TASK DETAILS:
Across these entries, count the lines holding the string "dimzin"; the number is the whole answer.

════════════════

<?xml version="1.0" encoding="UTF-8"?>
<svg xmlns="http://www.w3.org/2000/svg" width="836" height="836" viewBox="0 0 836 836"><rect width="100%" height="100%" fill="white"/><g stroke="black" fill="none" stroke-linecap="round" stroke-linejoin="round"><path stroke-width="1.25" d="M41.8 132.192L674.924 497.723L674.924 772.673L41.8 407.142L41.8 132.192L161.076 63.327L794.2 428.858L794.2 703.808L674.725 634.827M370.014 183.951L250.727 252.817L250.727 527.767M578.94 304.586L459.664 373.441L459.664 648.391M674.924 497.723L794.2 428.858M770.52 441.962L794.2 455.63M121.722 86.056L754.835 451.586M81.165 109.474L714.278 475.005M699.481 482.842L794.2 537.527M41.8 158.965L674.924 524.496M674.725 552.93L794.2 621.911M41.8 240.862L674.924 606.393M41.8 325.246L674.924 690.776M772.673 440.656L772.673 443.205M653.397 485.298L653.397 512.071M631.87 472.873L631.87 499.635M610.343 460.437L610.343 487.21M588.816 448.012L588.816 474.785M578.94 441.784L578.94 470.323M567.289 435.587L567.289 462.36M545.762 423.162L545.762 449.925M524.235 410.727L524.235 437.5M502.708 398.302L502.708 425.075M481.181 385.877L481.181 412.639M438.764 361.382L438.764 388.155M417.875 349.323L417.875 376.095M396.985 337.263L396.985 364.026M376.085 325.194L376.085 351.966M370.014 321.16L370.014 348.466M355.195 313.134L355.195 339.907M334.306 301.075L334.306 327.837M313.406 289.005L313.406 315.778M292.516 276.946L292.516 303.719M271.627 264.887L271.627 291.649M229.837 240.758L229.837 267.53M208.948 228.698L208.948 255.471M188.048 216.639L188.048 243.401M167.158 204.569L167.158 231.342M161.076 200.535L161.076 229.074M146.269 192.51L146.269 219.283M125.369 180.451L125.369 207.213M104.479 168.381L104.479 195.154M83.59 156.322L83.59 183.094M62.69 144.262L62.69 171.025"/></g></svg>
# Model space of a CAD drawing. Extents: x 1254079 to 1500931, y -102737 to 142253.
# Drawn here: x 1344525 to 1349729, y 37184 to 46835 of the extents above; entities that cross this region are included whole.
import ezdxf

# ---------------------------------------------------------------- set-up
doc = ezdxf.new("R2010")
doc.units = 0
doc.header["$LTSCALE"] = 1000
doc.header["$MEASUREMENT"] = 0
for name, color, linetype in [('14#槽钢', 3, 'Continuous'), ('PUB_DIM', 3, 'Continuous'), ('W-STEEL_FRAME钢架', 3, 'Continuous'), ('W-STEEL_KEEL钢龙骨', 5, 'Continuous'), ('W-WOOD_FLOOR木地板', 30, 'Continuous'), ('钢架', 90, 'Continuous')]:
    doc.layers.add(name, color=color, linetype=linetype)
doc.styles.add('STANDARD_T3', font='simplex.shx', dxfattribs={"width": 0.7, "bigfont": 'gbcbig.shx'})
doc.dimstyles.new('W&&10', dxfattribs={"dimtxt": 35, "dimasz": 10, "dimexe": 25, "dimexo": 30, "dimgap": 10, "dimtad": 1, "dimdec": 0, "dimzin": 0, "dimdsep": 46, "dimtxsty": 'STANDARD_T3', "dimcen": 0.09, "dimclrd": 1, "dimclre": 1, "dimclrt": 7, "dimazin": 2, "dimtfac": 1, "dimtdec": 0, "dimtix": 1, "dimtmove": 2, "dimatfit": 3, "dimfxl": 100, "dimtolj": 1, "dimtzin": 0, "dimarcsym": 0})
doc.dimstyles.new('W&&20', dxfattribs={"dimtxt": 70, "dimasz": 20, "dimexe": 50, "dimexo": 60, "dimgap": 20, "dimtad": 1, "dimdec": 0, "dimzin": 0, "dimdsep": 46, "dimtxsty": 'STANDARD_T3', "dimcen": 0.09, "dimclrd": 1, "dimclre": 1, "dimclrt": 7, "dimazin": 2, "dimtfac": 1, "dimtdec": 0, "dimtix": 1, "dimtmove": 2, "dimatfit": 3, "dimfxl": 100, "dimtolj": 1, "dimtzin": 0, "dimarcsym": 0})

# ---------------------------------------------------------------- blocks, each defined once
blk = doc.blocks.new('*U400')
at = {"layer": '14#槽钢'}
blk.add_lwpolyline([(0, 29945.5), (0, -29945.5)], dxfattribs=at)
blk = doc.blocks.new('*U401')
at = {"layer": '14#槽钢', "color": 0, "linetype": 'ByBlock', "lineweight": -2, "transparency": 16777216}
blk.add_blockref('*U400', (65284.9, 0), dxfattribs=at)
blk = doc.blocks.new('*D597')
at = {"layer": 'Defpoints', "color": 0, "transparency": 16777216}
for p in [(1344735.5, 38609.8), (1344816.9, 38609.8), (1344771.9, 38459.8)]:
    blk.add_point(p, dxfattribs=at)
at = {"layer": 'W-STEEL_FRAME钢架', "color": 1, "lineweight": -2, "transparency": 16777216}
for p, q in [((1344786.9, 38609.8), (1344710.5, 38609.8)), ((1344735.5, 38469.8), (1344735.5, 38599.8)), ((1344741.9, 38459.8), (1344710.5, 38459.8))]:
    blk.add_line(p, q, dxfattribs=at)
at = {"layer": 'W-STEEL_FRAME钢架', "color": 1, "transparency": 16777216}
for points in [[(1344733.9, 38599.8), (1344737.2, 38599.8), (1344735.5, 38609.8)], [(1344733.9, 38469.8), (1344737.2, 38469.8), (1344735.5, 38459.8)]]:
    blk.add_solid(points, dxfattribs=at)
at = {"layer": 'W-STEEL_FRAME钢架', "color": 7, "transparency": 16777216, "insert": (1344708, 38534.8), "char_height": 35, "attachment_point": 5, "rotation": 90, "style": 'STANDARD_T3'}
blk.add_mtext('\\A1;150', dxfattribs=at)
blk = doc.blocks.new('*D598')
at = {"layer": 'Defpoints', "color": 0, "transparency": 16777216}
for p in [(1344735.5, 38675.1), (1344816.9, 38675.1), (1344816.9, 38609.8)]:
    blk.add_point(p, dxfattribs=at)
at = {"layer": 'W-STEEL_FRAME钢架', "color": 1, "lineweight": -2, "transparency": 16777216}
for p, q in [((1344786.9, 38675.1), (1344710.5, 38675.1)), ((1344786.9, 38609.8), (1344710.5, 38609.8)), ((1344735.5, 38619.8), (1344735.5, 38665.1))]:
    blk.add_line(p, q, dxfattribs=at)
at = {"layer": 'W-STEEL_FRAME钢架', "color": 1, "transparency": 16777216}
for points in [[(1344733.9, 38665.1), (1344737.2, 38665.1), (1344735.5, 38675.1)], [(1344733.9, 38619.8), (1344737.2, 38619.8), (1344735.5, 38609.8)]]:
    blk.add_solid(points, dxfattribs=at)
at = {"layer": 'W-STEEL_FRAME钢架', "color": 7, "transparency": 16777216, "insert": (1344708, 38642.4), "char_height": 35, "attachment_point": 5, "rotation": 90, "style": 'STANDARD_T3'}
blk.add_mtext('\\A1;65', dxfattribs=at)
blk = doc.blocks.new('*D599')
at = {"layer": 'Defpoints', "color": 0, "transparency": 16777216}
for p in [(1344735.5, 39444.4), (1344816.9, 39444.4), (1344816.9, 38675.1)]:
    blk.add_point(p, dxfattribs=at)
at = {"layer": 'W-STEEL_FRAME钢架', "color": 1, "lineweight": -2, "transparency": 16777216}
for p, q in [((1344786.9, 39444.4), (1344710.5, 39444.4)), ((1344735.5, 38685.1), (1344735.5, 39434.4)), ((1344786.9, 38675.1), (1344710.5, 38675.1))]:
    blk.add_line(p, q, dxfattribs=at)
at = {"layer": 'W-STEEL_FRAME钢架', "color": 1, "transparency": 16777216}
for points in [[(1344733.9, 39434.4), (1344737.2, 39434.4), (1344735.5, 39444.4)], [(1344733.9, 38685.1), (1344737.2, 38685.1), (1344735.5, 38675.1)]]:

════════════════

TASK RESULT:
2